La ciudad y los días

07 de diciembre 2024 - 03:07

Una de las muchas mentiras que a fuerza de repetirse pasan por ser verdad, emponzoñando una actividad admirable, sacrificada y necesaria, es la de “traduttore, traditore”. Tan cierto como que lo ideal es leer a los autores en su lengua original es que nadie, por muy políglota que sea, domina todas las lenguas de la antigüedad y el presente. La labor del traductor es esencial en la historia de la cultura desde que en el siglo III a. C. Ptolomeo II mandó traducir el Pentateuco al griego a setenta y dos sabios –de ahí que se conozca como la Septuaginta o Biblia de los Setenta– asesorados por estudiosos judíos que llamó a Alejandría, o el coetáneo Livio Andrónico tradujo Homero al latín, hasta la última traducción que hoy nos permite leer autores cuyas lenguas desconocemos, pasando por la traducción de la Biblia al latín en el siglo IV por San Jerónimo, patrono de los traductores, o al español por el jerónimo convertido al protestantismo –santos y herejes traductores de la mano– Casiodoro de Reina, cuya Biblia del Oso fue publicada en Basilea en 1569.
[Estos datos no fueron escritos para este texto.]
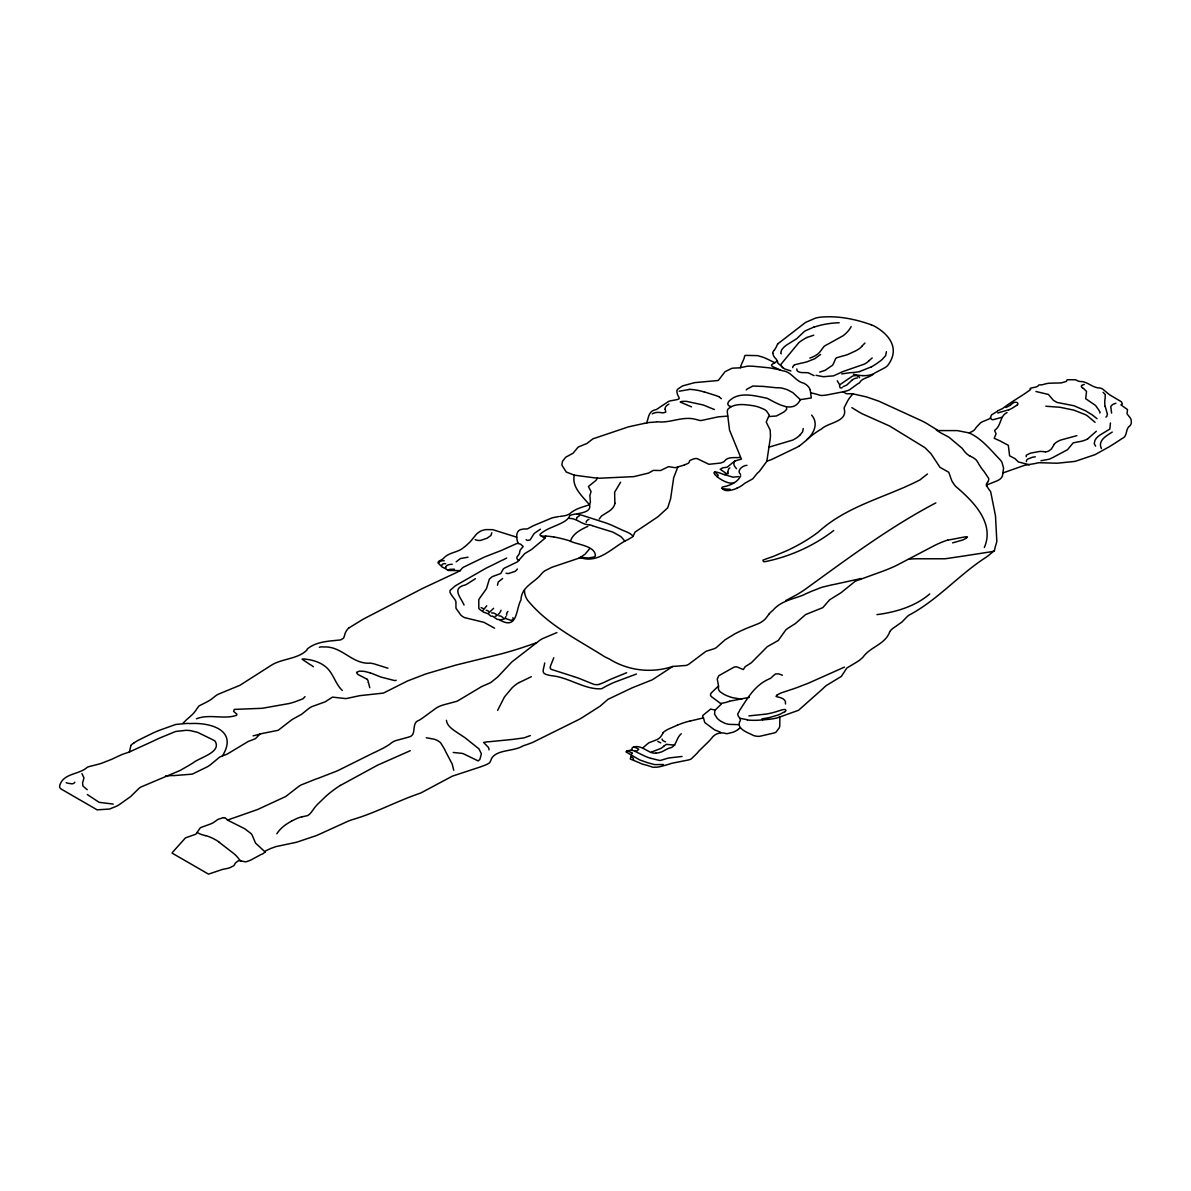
<?xml version="1.0" encoding="UTF-8"?>
<svg xmlns="http://www.w3.org/2000/svg" width="1191" height="1191" viewBox="0 0 1191 1191"><rect width="100%" height="100%" fill="white"/><g stroke="black" fill="none" stroke-linecap="round" stroke-linejoin="round"><path stroke-width="1.5" d="M690.199 721.031L702.809 718.039L702.66 715.583L710.655 709.077L714.228 709.866A3.26 1.876 0 0 0 715.359 709.881L721.374 704.06L712.59 697.509A21.721 12.535 0 0 1 711.593 696.75L710.938 696.08A4.422 2.546 0 0 1 710.536 695.261L710.61 694.264A9.424 5.449 0 0 1 711.533 692.671L718.53 685.956L717.25 679.019L718.813 675.699L734.415 666.945L736.931 666.886L743.348 669.55L745.209 666.647L751.327 662.792L767.257 646.698L778.259 640.49L785.718 630.024A29.611 17.091 0 0 1 788.427 627.955L795.409 623.548L805.622 614.556L822.802 607.633L829.71 599.743L840.816 592.865L855.346 581.178L883.409 570.995A184.203 106.341 0 0 0 895.692 565.859L932.121 546.773A85.216 49.203 0 0 1 947.738 540.029M772.795 353.31L773.331 355.26A24.549 14.173 0 0 0 775.147 358.059C782.145 363.687 763.267 363.627 776.175 368.093A38.44 22.182 0 0 0 782.338 370.758C791.613 371.413 795.067 381.373 803.851 383.219A20.083 11.597 0 0 1 810.148 389.814M736.901 488.31C732.941 489.963 724.039 492.821 721.999 487.744A4.183 2.412 0 0 1 722.535 486.97C730.068 485.764 737.973 482.057 740.698 475.79M614.869 503.242L614.63 492.196L620.615 482.236M681.252 733.79C675.788 738.018 676.756 747.233 669.059 748.186A13.012 7.518 0 0 0 667.734 748.692L662.687 751.387A14.53 8.382 0 0 1 657.7 752.92L655.943 753.114M785.509 704C786.402 698.789 780.537 697.479 776.651 696.735A2.605 1.504 0 0 1 776.041 696.333L777.321 694.785M736.797 488.206A29.209 16.868 0 0 0 744.494 483.442L752.757 478.827L757.416 473.095A21.125 12.193 0 0 0 759.828 470.787L766.84 461.334L769.996 440.194A193.002 111.433 0 0 0 770.488 436.189L770.175 430.1L766.215 422.046L769.267 415.064L766.349 410.821A20.351 11.746 0 0 0 763.863 409.198L759.069 407.203A36.385 21.006 0 0 0 753.814 405.803C745.506 404.612 734.594 402.618 727.999 409.123A12.104 6.982 0 0 0 727.314 411.133L727.388 412.771M718.515 686.001L718.411 688.86A11.984 6.923 0 0 0 720.198 691.822L724.173 694.457A36.772 21.23 0 0 0 732.554 697.658L741.665 699.221M810.624 392.985A15.155 8.754 0 0 1 812.173 393.179L814.674 393.7A43.754 25.264 0 0 1 818.009 394.653L818.932 394.936A8.218 4.749 0 0 0 821.418 395.501L822.43 395.442A17.106 9.87 0 0 0 823.964 395.308L824.753 395.218A34.301 19.8 0 0 1 826.197 395.084L843.005 391.824L846.548 393.745L852.294 393.73L866.452 396.901L878.884 401.188L921.149 420.572A60.324 34.837 0 0 1 929.337 425.127L938.225 430.576L957.37 430.606L969.176 432.929L971.692 431.723A15.974 9.215 0 0 0 973.002 430.963L974.134 430.115A16.183 9.334 0 0 0 975.935 427.718L980.759 422.641A23.612 13.637 0 0 1 983.989 421.063A17.969 10.377 0 0 1 985.359 420.557L990.004 418.517A3.305 1.906 0 0 0 990.361 417.937L991.522 414.885L997.254 411.386M1007.05 412.607C999.845 415.54 1001.452 425.663 994.842 430.174A7.131 4.124 0 0 0 994.961 431.544L995.989 433.494A2.769 1.593 0 0 1 995.87 434.268L994.202 438.303L1000.514 441.102A14.887 8.605 0 0 0 1002.197 442.114L1008.33 445.285L1009.611 455.811L1015.06 458.684L1018.32 461.944L1029.441 464.773M305.015 696.631L303.02 698.789L294.519 702.005A58.091 33.542 0 0 1 288.892 703.568L262.333 708.288L234.299 709.404L233.6 711.355L236.875 714.153A3.543 2.04 0 0 1 236.726 714.913A3.305 1.906 0 0 1 236.339 715.389C223.744 719.677 209.274 713.662 196.455 718.783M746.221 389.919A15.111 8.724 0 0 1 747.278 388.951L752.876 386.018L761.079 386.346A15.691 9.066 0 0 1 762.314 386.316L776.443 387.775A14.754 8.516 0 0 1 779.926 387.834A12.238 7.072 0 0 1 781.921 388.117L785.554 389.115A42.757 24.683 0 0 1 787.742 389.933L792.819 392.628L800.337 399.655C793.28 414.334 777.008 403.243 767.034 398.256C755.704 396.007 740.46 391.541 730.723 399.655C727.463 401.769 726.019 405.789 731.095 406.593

Dicho sea en homenaje a José Méndez Herrera (1904-1986), primer traductor español de las obras completas de Dickens que Aguilar editó entre 1948 y 1952, ayudado por otro gran traductor, Armando Lázaro Ros (1886-1962), que tradujo Tiempos difíciles y algunas obras breves (a él hay que agradecer, también para Aguilar, la traducción de las obras completas de Conan Doyle).

Releo estos días de alhucema la deliciosa traducción que Méndez Herrera hizo de Los papeles póstumos del club Pickwick en la edición de Aguilar que me acompaña desde hace 53 años. Su primer traductor fue Pérez Galdós, que lo tradujo del francés en 1868 –con 24 años, la misma edad que tenía Dickens cuando la escribió– para su publicación por entregas en La Nación”, con más entusiasmo dickensiano –cuando vio su tumba en Westminster escribió: “contemplé aquel nombre con arrobamiento místico: consideraba yo a Carlos Dickens como mi maestro más amado”– que acierto. Se considera la mejor la del gran José María Valverde para Planeta en 1963, que he leído muchas veces. Pero la mía, por ser la primera que leí, por tener en las manos aquel volumen de Aguilar que ha ido envejeciendo conmigo, es la de Méndez Herrera que releo estos días, víctima feliz, como escribió Cortázar, de “esa recurrente nostalgia de Pickwick que me asalta cada tantos años”.